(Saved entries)
· · ·

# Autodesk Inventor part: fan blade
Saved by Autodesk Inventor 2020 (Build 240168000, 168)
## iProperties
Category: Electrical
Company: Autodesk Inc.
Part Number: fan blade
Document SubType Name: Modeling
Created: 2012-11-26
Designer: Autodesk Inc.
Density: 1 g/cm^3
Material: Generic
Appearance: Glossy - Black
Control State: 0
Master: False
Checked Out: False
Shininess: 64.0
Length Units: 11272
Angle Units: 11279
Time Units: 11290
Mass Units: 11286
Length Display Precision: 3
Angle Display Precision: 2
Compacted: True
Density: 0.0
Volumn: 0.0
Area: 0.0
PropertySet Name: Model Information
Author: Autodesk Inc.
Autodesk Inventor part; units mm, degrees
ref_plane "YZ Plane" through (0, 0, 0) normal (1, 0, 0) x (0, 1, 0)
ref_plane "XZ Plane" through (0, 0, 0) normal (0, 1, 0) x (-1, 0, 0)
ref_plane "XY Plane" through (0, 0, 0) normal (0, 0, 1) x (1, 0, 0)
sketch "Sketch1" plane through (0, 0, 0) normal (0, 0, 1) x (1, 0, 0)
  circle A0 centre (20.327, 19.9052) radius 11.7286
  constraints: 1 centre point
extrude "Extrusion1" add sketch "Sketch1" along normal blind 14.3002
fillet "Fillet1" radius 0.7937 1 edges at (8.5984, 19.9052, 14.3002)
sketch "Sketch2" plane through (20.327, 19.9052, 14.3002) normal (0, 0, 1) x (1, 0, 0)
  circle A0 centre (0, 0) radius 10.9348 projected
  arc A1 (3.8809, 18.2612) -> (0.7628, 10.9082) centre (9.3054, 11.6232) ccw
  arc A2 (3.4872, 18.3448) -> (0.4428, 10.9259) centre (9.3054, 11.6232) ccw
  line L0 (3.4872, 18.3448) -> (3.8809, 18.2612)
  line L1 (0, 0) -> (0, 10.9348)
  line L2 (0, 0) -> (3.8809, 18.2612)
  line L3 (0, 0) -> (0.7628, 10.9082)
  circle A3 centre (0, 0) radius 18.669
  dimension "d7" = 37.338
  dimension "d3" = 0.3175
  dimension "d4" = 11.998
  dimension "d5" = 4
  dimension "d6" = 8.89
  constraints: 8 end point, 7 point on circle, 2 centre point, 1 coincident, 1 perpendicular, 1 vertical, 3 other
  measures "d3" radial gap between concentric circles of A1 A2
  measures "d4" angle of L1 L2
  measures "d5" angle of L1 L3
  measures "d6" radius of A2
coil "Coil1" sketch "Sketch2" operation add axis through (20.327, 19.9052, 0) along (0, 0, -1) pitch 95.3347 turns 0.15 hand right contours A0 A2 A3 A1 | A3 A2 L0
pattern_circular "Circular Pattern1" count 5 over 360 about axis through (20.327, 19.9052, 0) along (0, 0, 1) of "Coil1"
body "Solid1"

· · ·

- WHAT NEEDS TO BE DONE -
Each entry above is to be returned exactly as given.

- RESPONSE BELOW -
# Autodesk Inventor part: fan blade
Saved by Autodesk Inventor 2020 (Build 240168000, 168)
## iProperties
Category: Electrical
Company: Autodesk Inc.
Part Number: fan blade
Document SubType Name: Modeling
Created: 2012-11-26
Designer: Autodesk Inc.
Density: 1 g/cm^3
Material: Generic
Appearance: Glossy - Black
Control State: 0
Master: False
Checked Out: False
Shininess: 64.0
Length Units: 11272
Angle Units: 11279
Time Units: 11290
Mass Units: 11286
Length Display Precision: 3
Angle Display Precision: 2
Compacted: True
Density: 0.0
Volumn: 0.0
Area: 0.0
PropertySet Name: Model Information
Author: Autodesk Inc.
Autodesk Inventor part; units mm, degrees
ref_plane "YZ Plane" through (0, 0, 0) normal (1, 0, 0) x (0, 1, 0)
ref_plane "XZ Plane" through (0, 0, 0) normal (0, 1, 0) x (-1, 0, 0)
ref_plane "XY Plane" through (0, 0, 0) normal (0, 0, 1) x (1, 0, 0)
sketch "Sketch1" plane through (0, 0, 0) normal (0, 0, 1) x (1, 0, 0)
  circle A0 centre (20.327, 19.9052) radius 11.7286
  constraints: 1 centre point
extrude "Extrusion1" add sketch "Sketch1" along normal blind 14.3002
fillet "Fillet1" radius 0.7937 1 edges at (8.5984, 19.9052, 14.3002)
sketch "Sketch2" plane through (20.327, 19.9052, 14.3002) normal (0, 0, 1) x (1, 0, 0)
  circle A0 centre (0, 0) radius 10.9348 projected
  arc A1 (3.8809, 18.2612) -> (0.7628, 10.9082) centre (9.3054, 11.6232) ccw
  arc A2 (3.4872, 18.3448) -> (0.4428, 10.9259) centre (9.3054, 11.6232) ccw
  line L0 (3.4872, 18.3448) -> (3.8809, 18.2612)
  line L1 (0, 0) -> (0, 10.9348)
  line L2 (0, 0) -> (3.8809, 18.2612)
  line L3 (0, 0) -> (0.7628, 10.9082)
  circle A3 centre (0, 0) radius 18.669
  dimension "d7" = 37.338
  dimension "d3" = 0.3175
  dimension "d4" = 11.998
  dimension "d5" = 4
  dimension "d6" = 8.89
  constraints: 8 end point, 7 point on circle, 2 centre point, 1 coincident, 1 perpendicular, 1 vertical, 3 other
  measures "d3" radial gap between concentric circles of A1 A2
  measures "d4" angle of L1 L2
  measures "d5" angle of L1 L3
  measures "d6" radius of A2
coil "Coil1" sketch "Sketch2" operation add axis through (20.327, 19.9052, 0) along (0, 0, -1) pitch 95.3347 turns 0.15 hand right contours A0 A2 A3 A1 | A3 A2 L0
pattern_circular "Circular Pattern1" count 5 over 360 about axis through (20.327, 19.9052, 0) along (0, 0, 1) of "Coil1"
body "Solid1"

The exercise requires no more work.